Several minibatch parameters

Hi! I have a regression which I fit using advi (nuts sampling is extremely slow), and would like to try minibatches because the data size is ~10^5-10^6. With plain advi fitting it reaches reasonable convergence in several hours.

The model looks like this:

with pm.Model() as model:
    G0_amp = pm.Lognormal('G0_amp', 0, 1, shape=(n_1, n_2, n_3, n_4))
    G0_phas = pm.VonMises('G0_phas', mu=0, kappa=1/1**2, shape=(n_1, n_2, n_3, n_4))
    
    gain_amp = G0_amp[ix1[:, 0], ix2, :, :] * G0_amp[ix1[:, 1], ix2, :, :]
    gain_phas = G0_phas[ix1[:, 0], ix2, :, :] - G0_phas[ix1[:, 1], ix2, :, :]

    # ... computing mu from gain_amp and gain_phas ...
    
    obs_r = pm.StudentT('obs_r', mu=mu[~mask], sd=sd, nu=2, observed=data[~mask].real)
    obs_i = pm.StudentT('obs_i', mu=mu[~mask], sd=sd, nu=2, observed=data[~mask].imag)

So, the parameters to minibatch are ix1 (shape n*2), ix2 (shape n), data, mask (shape n*n_3*n_4 for both). The above code works ok, but I’d like to speed it up using minibatching across the n dimension.

Trying the very intuitive code:

bs = 1000
ix1_mb = pm.Minibatch(ix1, batch_size=bs)
ix2_mb = pm.Minibatch(ix2, batch_size=bs)
data_r_mb = pm.Minibatch(data.real, batch_size=bs)
data_i_mb = pm.Minibatch(data.imag, batch_size=bs)
mask_mb = pm.Minibatch(mask, batch_size=bs)
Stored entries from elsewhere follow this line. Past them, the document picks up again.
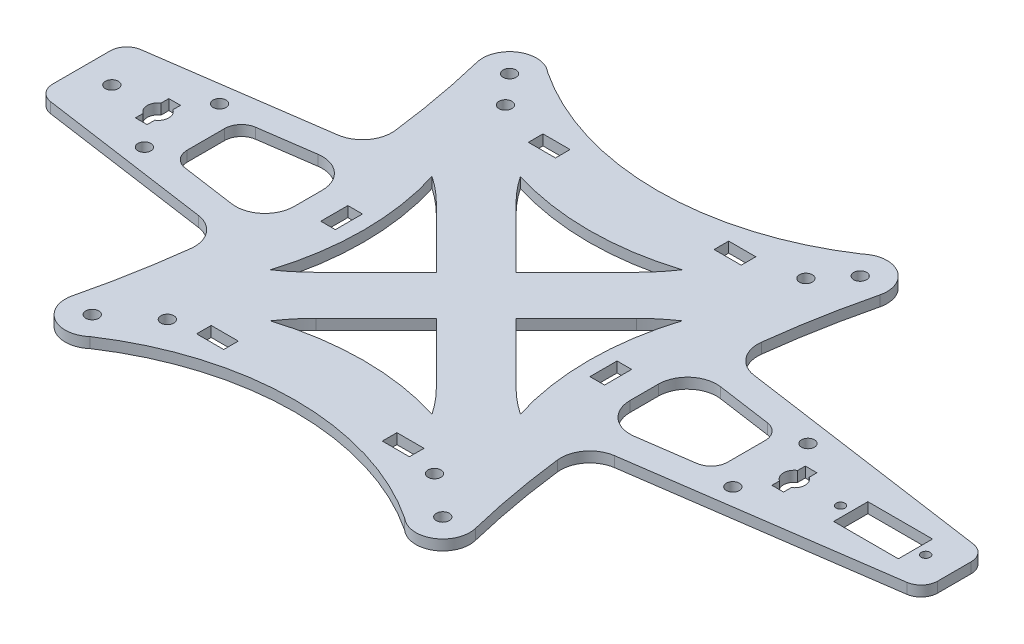
from build123d import *

# Parameters (mm, degrees)
SKETCH_1_R      = 1.55
SKETCH_1_R_2    = 1.05
SKETCH_1_W      = 6.5
SKETCH_1_H      = 3.5
SKETCH_1_W_2    = 3.5
SKETCH_1_H_2    = 6.5
SKETCH_1_W_3    = 15.5
SKETCH_1_H_3    = 8.2
EXTRUDE_1_DEPTH = 2.5
FILLET_1_R      = 4
FILLET_2_R      = 7


with BuildPart() as part:
    # 草图1 → 凸台-拉伸1 (new body)
    with BuildSketch(Plane(origin=(0, 0, 0), x_dir=(1, 0, 0), z_dir=(0, 1, 0))):
        with BuildLine():
            Line((114.591143215, 7.468307572), (114.591143215, -7.468307572))
            Line((114.591143215, -7.468307572), (43.193640968, -17.646273029))
            ThreePointArc((43.193640968, -17.646273029), (45.143245402, -33.15226541), (48.27557779, -48.463217404))
            ThreePointArc((48.27557779, -48.463217404), (45.335063646, -55.533708325), (37.709796983, -54.831018053))
            ThreePointArc((37.709796983, -54.831018053), (0, -43.436211003), (-37.709796983, -54.831018053))
            ThreePointArc((-37.709796983, -54.831018053), (-45.335063646, -55.533708325), (-48.27557779, -48.463217404))
            ThreePointArc((-48.27557779, -48.463217404), (-45.143245402, -33.15226541), (-43.193640968, -17.646273029))
            Line((-43.193640968, -17.646273029), (-94.579518436, -10.321035179))
            Line((-94.579518436, -10.321035179), (-94.579518436, 10.321035179))
            Line((-94.579518436, 10.321035179), (-43.193640968, 17.646273029))
            ThreePointArc((-43.193640968, 17.646273029), (-45.143245402, 33.15226541), (-48.27557779, 48.463217404))
            ThreePointArc((-48.27557779, 48.463217404), (-45.335063646, 55.533708325), (-37.709796983, 54.831018053))
            ThreePointArc((-37.709796983, 54.831018053), (0, 43.436211003), (37.709796983, 54.831018053))
            ThreePointArc((37.709796983, 54.831018053), (45.335063646, 55.533708325), (48.27557779, 48.463217404))
            ThreePointArc((48.27557779, 48.463217404), (45.143245402, 33.15226541), (43.193640968, 17.646273029))
            Line((43.193640968, 17.646273029), (114.591143215, 7.468307572))
        make_face()
        with Locations((-36, 43)):
            Circle(SKETCH_1_R, mode=Mode.SUBTRACT)
        with Locations((-32, -42)):
            Circle(SKETCH_1_R, mode=Mode.SUBTRACT)
        with Locations((32, -42)):
            Circle(SKETCH_1_R, mode=Mode.SUBTRACT)
        with Locations((36, 43)):
            Circle(SKETCH_1_R, mode=Mode.SUBTRACT)
        with Locations((42, 50)):
            Circle(SKETCH_1_R, mode=Mode.SUBTRACT)
        with Locations((42, -50)):
            Circle(SKETCH_1_R, mode=Mode.SUBTRACT)
        with Locations((-42, -50)):
            Circle(SKETCH_1_R, mode=Mode.SUBTRACT)
        with Locations((-42, 50)):
            Circle(SKETCH_1_R, mode=Mode.SUBTRACT)
        with Locations((107.7, 0)):
            Circle(SKETCH_1_R_2, mode=Mode.SUBTRACT)
        with Locations((87.3, 0)):
            Circle(SKETCH_1_R_2, mode=Mode.SUBTRACT)
        with Locations((70.5, 9)):
            Circle(SKETCH_1_R, mode=Mode.SUBTRACT)
        with Locations((70.5, -9)):
            Circle(SKETCH_1_R, mode=Mode.SUBTRACT)
        with Locations((-70.5, -9)):
            Circle(SKETCH_1_R, mode=Mode.SUBTRACT)
        with Locations((-70.5, 9)):
            Circle(SKETCH_1_R, mode=Mode.SUBTRACT)
        with Locations((-87.3, 0)):
            Circle(SKETCH_1_R, mode=Mode.SUBTRACT)
        with Locations((-22.25, 39.75)):
            Rectangle(SKETCH_1_W, SKETCH_1_H, mode=Mode.SUBTRACT)
        with Locations((-32.25, 0)):
            Rectangle(SKETCH_1_W_2, SKETCH_1_H_2, mode=Mode.SUBTRACT)
        with Locations((-22.25, -39.75)):
            Rectangle(SKETCH_1_W, SKETCH_1_H, mode=Mode.SUBTRACT)
        with Locations((22.25, 39.75)):
            Rectangle(SKETCH_1_W, SKETCH_1_H, mode=Mode.SUBTRACT)
        with Locations((22.25, -39.75)):
            Rectangle(SKETCH_1_W, SKETCH_1_H, mode=Mode.SUBTRACT)
        with Locations((32.25, 0)):
            Rectangle(SKETCH_1_W_2, SKETCH_1_H_2, mode=Mode.SUBTRACT)
        with BuildLine():
            Line((77.65, -2.151778405), (77.65, -4))
            Line((77.65, -4), (74.85, -4))
            Line((74.85, -4), (74.85, -2.176778405))
            ThreePointArc((74.85, -2.176778405), (73.652957971, 0), (74.85, 2.176778405))
            Line((74.85, 2.176778405), (74.85, 4))
            Line((74.85, 4), (77.65, 4))
            Line((77.65, 4), (77.65, 2.151778405))
            ThreePointArc((77.65, 2.151778405), (78.8083942, 0), (77.65, -2.151778405))
        make_face(mode=Mode.SUBTRACT)
        with Locations((97.5, 0)):
            Rectangle(SKETCH_1_W_3, SKETCH_1_H_3, mode=Mode.SUBTRACT)
        with BuildLine():
            Line((-74.85, -2.176778405), (-74.85, -4))
            Line((-74.85, -4), (-77.65, -4))
            Line((-77.65, -4), (-77.65, -2.151778405))
            ThreePointArc((-77.65, -2.151778405), (-78.8083942, 0), (-77.65, 2.151778405))
            Line((-77.65, 2.151778405), (-77.65, 4))
            Line((-77.65, 4), (-74.85, 4))
            Line((-74.85, 4), (-74.85, 2.176778405))
            ThreePointArc((-74.85, 2.176778405), (-73.652957971, 0), (-74.85, -2.176778405))
        make_face(mode=Mode.SUBTRACT)
        with BuildLine():
            Line((-23.978041684, 14.429581723), (-9.54845996, 0))
            Line((-9.54845996, 0), (-23.978041684, -14.429581723))
            ThreePointArc((-23.978041684, -14.429581723), (-26.851664039, -17.042325553), (-29.960234119, -19.370614155))
            ThreePointArc((-29.960234119, -19.370614155), (-27.006361348, 0), (-29.960234119, 19.370614155))
            ThreePointArc((-29.960234119, 19.370614155), (-26.851664039, 17.042325553), (-23.978041684, 14.429581723))
        make_face(mode=Mode.SUBTRACT)
        with BuildLine():
            Line((14.429581723, 23.978041684), (0, 9.54845996))
            Line((0, 9.54845996), (-14.429581723, 23.978041684))
            ThreePointArc((-14.429581723, 23.978041684), (-17.042325553, 26.851664039), (-19.370614155, 29.960234119))
            ThreePointArc((-19.370614155, 29.960234119), (0, 27.006361348), (19.370614155, 29.960234119))
            ThreePointArc((19.370614155, 29.960234119), (17.042325553, 26.851664039), (14.429581723, 23.978041684))
        make_face(mode=Mode.SUBTRACT)
        with BuildLine():
            Line((23.978041684, -14.429581723), (9.54845996, 0))
            Line((9.54845996, 0), (23.978041684, 14.429581723))
            ThreePointArc((23.978041684, 14.429581723), (26.851664039, 17.042325553), (29.960234119, 19.370614155))
            ThreePointArc((29.960234119, 19.370614155), (27.006361348, 0), (29.960234119, -19.370614155))
            ThreePointArc((29.960234119, -19.370614155), (26.851664039, -17.042325553), (23.978041684, -14.429581723))
        make_face(mode=Mode.SUBTRACT)
        with BuildLine():
            Line((-14.429581723, -23.978041684), (0, -9.54845996))
            Line((0, -9.54845996), (14.429581723, -23.978041684))
            ThreePointArc((14.429581723, -23.978041684), (17.042325553, -26.851664039), (19.370614155, -29.960234119))
            ThreePointArc((19.370614155, -29.960234119), (0, -27.006361348), (-19.370614155, -29.960234119))
            ThreePointArc((-19.370614155, -29.960234119), (-17.042325553, -26.851664039), (-14.429581723, -23.978041684))
        make_face(mode=Mode.SUBTRACT)
        Polygon((-64.75, -7.957119899), (-64.75, 7.957119899), (-40.25, 11.449681205), (-40.25, -11.449681205), align=None, mode=Mode.SUBTRACT)
        Polygon((64.75, 7.957119899), (40.25, 11.449681205), (40.25, -11.449681205), (64.75, -7.957119899), align=None, mode=Mode.SUBTRACT)
    extrude(amount=EXTRUDE_1_DEPTH)

    # 圆角1
    fillet_1_edges = [part.edges().sort_by_distance(p)[0] for p in [
        (114.591143215, 1.25, -7.468307572),
        (114.591143215, 1.25, 7.468307572),
        (-94.579518436, 1.25, 10.321035179),
        (-94.579518436, 1.25, -10.321035179),
        (-64.75, 1.25, 7.957119899),
        (-64.75, 1.25, -7.957119899),
        (64.75, 1.25, 7.957119899),
        (64.75, 1.25, -7.957119899),
    ]]
    fillet(fillet_1_edges, radius=FILLET_1_R)

    # 圆角2
    fillet_2_edges = [part.edges().sort_by_distance(p)[0] for p in [
        (43.193640968, 1.25, -17.646273029),
        (43.193640968, 1.25, 17.646273029),
        (-43.193640968, 1.25, 17.646273029),
        (-43.193640968, 1.25, -17.646273029),
        (40.25, 1.25, 11.449681205),
        (40.25, 1.25, -11.449681205),
        (-40.25, 1.25, 11.449681205),
        (-40.25, 1.25, -11.449681205),
    ]]
    fillet(fillet_2_edges, radius=FILLET_2_R)


solid = part.part

# replace everywhere in the model <param> with <param>_mb

doesn’t seem to work: it gives way higher loss and the resulting trace is very different from the first model. My guess is that it’s probably because different minibatches give different random samples, and not those corresponding to the same indices, but this may be wrong - I’m not sure.

What should be the correct way to do this?

Usually the minibatch are synchronised, at least for vector with the same length. You can validate it with something like:

X = np.repeat(np.arange(100), 5).reshape(100, 5)
y = np.arange(100)
xm = pm.Minibatch(X)
ym = pm.Minibatch(y)
print(xm.eval(), ym.eval())

However, in your case since there are multiple dimension, you should check the minibatch by doing .eval(). I feel like since you are minibatching the mask maybe you dont need to minibatch the data (data_r_mb and data_i_mb not needed)?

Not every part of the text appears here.